Recorded data
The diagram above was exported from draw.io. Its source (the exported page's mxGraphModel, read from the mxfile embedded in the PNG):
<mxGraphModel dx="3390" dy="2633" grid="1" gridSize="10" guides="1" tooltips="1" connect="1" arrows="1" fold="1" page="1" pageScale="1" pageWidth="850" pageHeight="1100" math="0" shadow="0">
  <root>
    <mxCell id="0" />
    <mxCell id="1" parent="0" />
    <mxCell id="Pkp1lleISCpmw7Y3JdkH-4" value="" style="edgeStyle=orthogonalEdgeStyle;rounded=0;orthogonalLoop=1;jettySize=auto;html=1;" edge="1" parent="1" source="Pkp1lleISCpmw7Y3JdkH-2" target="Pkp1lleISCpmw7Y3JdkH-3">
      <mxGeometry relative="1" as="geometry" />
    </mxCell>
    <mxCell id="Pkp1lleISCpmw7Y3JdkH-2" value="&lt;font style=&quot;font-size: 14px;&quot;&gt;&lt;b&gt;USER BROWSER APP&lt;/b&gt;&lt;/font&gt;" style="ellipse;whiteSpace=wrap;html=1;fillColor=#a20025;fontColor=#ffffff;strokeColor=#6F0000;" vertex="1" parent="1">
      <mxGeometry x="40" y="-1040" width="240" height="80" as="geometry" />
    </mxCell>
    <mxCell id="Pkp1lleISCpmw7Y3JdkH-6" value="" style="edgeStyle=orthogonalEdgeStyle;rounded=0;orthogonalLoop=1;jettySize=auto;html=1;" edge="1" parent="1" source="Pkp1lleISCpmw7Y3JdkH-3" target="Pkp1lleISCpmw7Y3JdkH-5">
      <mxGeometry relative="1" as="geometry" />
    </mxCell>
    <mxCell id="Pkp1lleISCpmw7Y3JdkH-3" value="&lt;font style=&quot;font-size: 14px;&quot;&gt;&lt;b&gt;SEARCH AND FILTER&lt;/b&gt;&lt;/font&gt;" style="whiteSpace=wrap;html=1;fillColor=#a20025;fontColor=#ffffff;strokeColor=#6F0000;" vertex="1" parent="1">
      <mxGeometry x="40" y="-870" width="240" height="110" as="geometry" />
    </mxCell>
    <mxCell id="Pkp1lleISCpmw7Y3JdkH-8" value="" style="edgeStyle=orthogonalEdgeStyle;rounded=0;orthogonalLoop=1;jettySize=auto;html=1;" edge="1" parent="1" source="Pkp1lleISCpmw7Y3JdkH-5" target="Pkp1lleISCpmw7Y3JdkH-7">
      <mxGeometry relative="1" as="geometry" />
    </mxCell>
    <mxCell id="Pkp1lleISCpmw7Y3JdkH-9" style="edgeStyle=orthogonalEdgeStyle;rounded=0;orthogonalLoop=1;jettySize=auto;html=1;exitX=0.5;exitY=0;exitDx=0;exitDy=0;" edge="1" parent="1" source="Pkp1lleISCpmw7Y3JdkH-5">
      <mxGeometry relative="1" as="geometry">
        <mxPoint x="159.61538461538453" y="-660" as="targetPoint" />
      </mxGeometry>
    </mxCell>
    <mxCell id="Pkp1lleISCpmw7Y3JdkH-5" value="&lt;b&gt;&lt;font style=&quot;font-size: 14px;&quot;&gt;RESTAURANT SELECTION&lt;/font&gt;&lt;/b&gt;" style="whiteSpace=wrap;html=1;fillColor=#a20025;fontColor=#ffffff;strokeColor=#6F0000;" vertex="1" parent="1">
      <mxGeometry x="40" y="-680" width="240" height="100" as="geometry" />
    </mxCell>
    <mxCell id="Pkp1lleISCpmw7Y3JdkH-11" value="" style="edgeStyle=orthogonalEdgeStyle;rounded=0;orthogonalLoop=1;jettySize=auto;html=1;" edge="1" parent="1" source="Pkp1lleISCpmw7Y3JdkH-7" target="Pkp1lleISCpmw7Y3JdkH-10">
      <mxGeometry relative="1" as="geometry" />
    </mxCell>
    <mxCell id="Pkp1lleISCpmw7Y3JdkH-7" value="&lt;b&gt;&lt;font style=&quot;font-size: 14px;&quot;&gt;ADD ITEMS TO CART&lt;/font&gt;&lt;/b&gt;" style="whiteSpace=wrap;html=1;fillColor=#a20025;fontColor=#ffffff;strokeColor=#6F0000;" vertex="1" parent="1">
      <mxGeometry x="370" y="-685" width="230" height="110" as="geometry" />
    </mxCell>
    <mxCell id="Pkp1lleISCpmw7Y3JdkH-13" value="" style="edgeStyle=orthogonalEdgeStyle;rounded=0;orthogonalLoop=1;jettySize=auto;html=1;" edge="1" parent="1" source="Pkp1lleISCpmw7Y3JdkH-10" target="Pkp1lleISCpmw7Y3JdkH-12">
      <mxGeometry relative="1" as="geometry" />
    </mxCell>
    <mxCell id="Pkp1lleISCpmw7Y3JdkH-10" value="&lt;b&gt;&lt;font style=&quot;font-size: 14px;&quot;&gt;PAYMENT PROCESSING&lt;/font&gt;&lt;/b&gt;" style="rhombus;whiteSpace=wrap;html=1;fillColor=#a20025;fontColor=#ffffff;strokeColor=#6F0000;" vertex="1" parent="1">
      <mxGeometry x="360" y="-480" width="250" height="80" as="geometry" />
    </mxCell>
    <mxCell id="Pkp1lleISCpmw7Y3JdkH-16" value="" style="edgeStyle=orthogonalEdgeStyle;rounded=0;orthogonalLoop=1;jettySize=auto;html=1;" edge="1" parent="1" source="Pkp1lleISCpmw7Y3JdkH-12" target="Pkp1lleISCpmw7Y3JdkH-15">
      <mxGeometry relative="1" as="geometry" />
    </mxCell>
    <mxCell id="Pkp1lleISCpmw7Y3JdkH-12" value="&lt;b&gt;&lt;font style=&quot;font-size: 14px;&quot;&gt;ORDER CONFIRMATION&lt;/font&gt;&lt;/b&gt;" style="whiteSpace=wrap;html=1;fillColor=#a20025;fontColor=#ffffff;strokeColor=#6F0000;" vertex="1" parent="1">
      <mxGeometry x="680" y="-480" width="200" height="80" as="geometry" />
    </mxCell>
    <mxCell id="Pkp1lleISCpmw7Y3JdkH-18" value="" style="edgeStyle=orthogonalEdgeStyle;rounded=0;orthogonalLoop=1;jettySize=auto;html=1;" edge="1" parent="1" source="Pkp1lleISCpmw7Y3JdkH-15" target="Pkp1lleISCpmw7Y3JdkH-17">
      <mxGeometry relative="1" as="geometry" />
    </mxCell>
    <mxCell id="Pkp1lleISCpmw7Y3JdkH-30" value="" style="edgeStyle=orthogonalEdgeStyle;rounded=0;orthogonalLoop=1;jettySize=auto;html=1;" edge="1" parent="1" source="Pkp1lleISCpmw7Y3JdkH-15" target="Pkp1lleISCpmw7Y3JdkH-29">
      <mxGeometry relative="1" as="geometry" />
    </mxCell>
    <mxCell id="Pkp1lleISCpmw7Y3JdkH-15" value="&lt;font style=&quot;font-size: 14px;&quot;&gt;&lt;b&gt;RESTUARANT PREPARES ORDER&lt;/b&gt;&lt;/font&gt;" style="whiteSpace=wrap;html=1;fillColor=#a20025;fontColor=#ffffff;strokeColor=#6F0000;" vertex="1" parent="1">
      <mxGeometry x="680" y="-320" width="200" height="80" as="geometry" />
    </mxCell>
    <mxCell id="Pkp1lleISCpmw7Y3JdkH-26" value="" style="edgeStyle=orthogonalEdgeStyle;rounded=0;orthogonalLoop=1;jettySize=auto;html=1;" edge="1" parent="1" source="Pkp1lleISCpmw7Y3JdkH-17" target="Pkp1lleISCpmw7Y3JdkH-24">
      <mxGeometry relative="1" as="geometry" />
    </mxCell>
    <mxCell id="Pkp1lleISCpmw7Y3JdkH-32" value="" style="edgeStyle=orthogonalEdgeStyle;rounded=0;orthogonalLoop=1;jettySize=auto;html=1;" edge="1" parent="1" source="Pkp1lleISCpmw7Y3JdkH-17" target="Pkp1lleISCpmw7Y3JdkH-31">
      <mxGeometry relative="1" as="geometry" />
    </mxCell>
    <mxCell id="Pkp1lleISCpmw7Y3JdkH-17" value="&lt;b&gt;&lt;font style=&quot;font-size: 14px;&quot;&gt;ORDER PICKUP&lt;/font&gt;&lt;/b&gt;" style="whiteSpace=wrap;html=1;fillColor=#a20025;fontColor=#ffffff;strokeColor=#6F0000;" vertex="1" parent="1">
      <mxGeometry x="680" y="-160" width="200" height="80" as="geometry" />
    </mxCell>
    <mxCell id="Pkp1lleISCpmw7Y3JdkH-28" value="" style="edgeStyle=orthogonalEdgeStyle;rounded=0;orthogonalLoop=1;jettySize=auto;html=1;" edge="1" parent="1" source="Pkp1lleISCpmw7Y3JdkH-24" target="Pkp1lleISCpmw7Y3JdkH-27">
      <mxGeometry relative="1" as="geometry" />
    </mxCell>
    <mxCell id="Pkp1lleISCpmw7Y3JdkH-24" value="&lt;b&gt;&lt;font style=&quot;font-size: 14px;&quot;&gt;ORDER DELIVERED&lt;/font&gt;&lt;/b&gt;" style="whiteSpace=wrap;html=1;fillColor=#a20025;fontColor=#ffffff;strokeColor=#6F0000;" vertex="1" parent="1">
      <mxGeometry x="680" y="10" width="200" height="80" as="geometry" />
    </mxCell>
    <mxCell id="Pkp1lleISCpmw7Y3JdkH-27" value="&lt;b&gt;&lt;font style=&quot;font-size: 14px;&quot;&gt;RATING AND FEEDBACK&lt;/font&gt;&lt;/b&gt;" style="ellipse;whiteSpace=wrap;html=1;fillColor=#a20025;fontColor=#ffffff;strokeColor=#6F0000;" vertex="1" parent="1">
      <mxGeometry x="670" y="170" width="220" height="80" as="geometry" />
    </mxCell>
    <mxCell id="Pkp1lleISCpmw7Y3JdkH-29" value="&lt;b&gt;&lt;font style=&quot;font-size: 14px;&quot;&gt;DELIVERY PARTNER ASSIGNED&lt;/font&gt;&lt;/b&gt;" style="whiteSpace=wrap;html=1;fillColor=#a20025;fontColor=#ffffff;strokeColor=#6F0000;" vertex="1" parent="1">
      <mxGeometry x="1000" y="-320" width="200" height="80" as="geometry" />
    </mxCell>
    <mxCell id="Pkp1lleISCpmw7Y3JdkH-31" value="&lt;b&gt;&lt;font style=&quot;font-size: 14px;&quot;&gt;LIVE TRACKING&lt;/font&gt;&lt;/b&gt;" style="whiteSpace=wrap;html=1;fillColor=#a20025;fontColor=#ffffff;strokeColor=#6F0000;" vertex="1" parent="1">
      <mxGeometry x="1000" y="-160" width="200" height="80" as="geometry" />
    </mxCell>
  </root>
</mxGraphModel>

* Exercise objective *
Looking at the records above, how many of their lines carry the string "ellipse"? Answer with the number and nothing else.

* Response to this task *
2